In this webinar, we explore how to determine the appropriate sample size for non-inferiority studies. Non-inferiority means testing if a proposed treatment is no worse than an existing approach by showing it is above the non-inferiority bound. We review the important design considerations for non-inferiority testing including how to select the non-inferiority bound and demonstrate how to determine the sample size for continuous, binomial, survival and count data. Further below, you will find the webinar recording, slides and worked examples.
More About The Webinar
Non-inferiority testing is used to test if a new treatment is not inferior to a standard treatment. This is a common objective in the areas such as medical devices and generic drug development. For example, if a proposed device or treatment were less invasive than the standard treatment then non-inferiority would be an appropriate route to improve patients’ treatment choices.
To test for non-inferiority, the treatment group is tested to verify it is above the non-inferiority margin. The non-inferiority margin is a level below equality that would still be considered acceptably non-inferior to the standard treatment. The definition of the non-inferiority margin is a matter of significant debate and is an important aspect of regulatory guidance from agencies such as the FDA.
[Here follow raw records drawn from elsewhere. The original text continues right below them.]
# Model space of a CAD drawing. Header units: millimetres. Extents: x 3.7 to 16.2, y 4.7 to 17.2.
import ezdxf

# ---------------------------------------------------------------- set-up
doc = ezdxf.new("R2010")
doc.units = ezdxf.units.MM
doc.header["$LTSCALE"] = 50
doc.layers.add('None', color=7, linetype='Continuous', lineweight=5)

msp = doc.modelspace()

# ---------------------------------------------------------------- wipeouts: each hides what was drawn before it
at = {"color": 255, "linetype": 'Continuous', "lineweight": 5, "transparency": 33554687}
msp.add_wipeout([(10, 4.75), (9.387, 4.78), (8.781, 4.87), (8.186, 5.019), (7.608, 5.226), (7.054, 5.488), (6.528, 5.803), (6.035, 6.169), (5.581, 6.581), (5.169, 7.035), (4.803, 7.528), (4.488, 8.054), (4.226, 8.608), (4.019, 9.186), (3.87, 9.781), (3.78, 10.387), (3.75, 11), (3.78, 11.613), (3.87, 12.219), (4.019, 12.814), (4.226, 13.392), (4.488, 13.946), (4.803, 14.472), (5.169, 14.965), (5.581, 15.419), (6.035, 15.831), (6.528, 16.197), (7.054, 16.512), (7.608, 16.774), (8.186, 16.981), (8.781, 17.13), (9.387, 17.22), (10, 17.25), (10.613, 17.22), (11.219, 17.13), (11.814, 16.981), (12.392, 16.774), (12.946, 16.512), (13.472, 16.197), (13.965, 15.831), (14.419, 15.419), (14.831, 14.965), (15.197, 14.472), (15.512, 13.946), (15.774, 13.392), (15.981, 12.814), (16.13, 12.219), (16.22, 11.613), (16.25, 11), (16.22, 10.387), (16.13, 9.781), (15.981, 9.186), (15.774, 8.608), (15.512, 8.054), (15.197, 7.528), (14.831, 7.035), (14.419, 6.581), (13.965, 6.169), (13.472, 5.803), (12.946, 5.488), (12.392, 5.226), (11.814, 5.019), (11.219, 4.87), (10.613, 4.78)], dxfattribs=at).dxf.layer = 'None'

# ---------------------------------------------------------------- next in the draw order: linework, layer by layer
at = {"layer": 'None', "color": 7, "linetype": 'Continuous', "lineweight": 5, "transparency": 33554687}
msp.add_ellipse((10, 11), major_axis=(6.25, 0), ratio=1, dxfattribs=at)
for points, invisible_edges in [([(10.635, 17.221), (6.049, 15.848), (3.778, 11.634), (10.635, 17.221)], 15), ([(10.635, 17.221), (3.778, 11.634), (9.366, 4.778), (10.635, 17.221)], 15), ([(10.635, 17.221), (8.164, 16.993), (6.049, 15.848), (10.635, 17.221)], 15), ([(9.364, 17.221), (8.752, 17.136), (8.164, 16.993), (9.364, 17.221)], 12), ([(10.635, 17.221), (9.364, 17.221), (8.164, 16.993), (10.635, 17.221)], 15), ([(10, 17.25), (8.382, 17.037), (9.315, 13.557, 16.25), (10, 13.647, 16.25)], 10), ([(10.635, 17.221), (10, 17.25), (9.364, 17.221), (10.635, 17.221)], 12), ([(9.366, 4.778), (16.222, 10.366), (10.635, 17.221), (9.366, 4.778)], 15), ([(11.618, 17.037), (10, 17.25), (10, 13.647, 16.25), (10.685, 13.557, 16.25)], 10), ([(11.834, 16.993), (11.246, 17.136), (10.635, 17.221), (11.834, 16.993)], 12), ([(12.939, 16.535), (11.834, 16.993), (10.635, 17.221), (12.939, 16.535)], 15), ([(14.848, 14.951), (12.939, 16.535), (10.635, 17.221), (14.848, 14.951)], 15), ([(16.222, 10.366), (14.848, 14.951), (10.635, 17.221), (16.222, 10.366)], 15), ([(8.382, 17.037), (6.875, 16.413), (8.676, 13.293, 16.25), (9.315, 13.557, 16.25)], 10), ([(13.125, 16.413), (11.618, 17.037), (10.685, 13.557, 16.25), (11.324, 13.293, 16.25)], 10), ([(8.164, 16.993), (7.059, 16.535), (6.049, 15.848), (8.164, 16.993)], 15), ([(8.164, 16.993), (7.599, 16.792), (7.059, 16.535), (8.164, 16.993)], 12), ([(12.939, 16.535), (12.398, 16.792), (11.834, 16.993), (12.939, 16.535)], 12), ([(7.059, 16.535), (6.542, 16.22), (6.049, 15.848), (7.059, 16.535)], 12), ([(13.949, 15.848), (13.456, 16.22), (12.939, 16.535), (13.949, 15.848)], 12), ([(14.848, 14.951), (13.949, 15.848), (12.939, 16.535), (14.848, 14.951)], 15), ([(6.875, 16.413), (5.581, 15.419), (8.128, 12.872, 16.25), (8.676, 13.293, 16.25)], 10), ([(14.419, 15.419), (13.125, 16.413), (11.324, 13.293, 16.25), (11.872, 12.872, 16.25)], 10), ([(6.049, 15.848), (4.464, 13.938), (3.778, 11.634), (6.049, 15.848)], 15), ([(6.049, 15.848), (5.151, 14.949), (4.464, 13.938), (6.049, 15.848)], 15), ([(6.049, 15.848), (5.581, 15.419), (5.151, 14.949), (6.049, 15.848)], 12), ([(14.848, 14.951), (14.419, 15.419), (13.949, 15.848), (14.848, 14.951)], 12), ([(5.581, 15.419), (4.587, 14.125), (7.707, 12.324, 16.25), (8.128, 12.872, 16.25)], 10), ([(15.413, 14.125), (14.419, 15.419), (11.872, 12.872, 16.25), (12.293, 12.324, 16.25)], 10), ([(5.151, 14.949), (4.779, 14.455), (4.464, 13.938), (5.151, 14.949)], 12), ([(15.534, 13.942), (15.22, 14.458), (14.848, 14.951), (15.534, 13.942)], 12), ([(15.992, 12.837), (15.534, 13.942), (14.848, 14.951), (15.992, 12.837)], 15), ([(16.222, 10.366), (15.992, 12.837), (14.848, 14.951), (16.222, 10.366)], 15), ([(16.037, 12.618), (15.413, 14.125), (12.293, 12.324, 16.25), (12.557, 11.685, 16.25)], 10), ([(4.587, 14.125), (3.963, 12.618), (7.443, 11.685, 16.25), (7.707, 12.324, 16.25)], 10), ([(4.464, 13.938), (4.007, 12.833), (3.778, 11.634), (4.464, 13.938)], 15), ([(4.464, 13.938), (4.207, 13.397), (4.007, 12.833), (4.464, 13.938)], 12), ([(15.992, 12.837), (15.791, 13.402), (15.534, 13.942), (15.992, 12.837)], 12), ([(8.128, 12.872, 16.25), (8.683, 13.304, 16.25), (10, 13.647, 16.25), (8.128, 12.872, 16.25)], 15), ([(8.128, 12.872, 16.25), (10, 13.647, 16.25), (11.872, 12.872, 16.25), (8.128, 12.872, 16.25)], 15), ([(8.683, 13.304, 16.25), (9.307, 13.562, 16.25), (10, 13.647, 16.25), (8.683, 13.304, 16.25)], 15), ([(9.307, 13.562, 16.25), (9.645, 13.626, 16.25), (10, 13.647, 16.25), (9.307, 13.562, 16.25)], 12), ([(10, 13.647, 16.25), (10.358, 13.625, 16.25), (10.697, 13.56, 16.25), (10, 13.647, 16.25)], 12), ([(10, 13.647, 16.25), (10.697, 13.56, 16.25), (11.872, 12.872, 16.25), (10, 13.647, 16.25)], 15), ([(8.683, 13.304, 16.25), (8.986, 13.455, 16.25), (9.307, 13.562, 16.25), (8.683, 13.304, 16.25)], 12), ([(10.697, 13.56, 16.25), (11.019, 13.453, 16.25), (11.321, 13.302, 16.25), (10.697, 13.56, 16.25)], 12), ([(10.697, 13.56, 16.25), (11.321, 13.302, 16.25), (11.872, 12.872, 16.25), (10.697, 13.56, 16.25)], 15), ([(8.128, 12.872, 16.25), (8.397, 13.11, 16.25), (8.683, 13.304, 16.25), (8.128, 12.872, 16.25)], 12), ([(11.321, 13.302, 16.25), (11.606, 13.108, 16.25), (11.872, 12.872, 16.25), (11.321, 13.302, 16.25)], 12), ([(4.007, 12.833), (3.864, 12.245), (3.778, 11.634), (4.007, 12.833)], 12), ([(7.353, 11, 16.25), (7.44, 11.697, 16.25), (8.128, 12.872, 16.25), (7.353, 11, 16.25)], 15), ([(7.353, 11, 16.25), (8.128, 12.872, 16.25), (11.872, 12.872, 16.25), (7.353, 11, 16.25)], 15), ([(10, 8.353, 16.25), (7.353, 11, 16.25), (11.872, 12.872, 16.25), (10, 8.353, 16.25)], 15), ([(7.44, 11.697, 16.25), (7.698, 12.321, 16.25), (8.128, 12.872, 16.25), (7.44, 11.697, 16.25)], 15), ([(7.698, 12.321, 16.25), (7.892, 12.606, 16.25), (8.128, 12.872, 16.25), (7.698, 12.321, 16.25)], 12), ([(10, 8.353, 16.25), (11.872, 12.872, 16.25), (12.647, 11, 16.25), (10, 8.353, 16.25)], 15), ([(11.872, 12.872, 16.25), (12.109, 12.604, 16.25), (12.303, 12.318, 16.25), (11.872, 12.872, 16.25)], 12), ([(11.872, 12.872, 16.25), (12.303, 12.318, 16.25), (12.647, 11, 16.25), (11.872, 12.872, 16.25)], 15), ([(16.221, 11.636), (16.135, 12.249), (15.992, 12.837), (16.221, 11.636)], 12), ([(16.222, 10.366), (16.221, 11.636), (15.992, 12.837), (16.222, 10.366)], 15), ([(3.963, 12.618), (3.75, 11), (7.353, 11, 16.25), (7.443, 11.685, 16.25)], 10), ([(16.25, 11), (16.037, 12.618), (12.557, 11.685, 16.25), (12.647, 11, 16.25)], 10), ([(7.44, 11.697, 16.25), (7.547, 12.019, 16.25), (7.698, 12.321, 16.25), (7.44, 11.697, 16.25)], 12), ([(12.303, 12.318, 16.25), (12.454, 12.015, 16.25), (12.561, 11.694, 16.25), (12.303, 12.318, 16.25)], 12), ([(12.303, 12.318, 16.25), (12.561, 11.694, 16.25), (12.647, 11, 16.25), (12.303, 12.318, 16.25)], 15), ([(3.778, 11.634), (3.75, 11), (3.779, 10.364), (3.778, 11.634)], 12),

Non-inferiority studies can be conducted for a wide variety of different endpoints including continuous, binomial, survival and count endpoints. Each of these endpoints present unique design and statistical considerations with a wide range of potential design choices. For example, common designs for non-inferiority are crossover designs, three arm trials and parallel arm trials.
In this webinar, we review non-inferiority testing design considerations and demonstrate how to determine the sample size for a wide variety of endpoints and designs.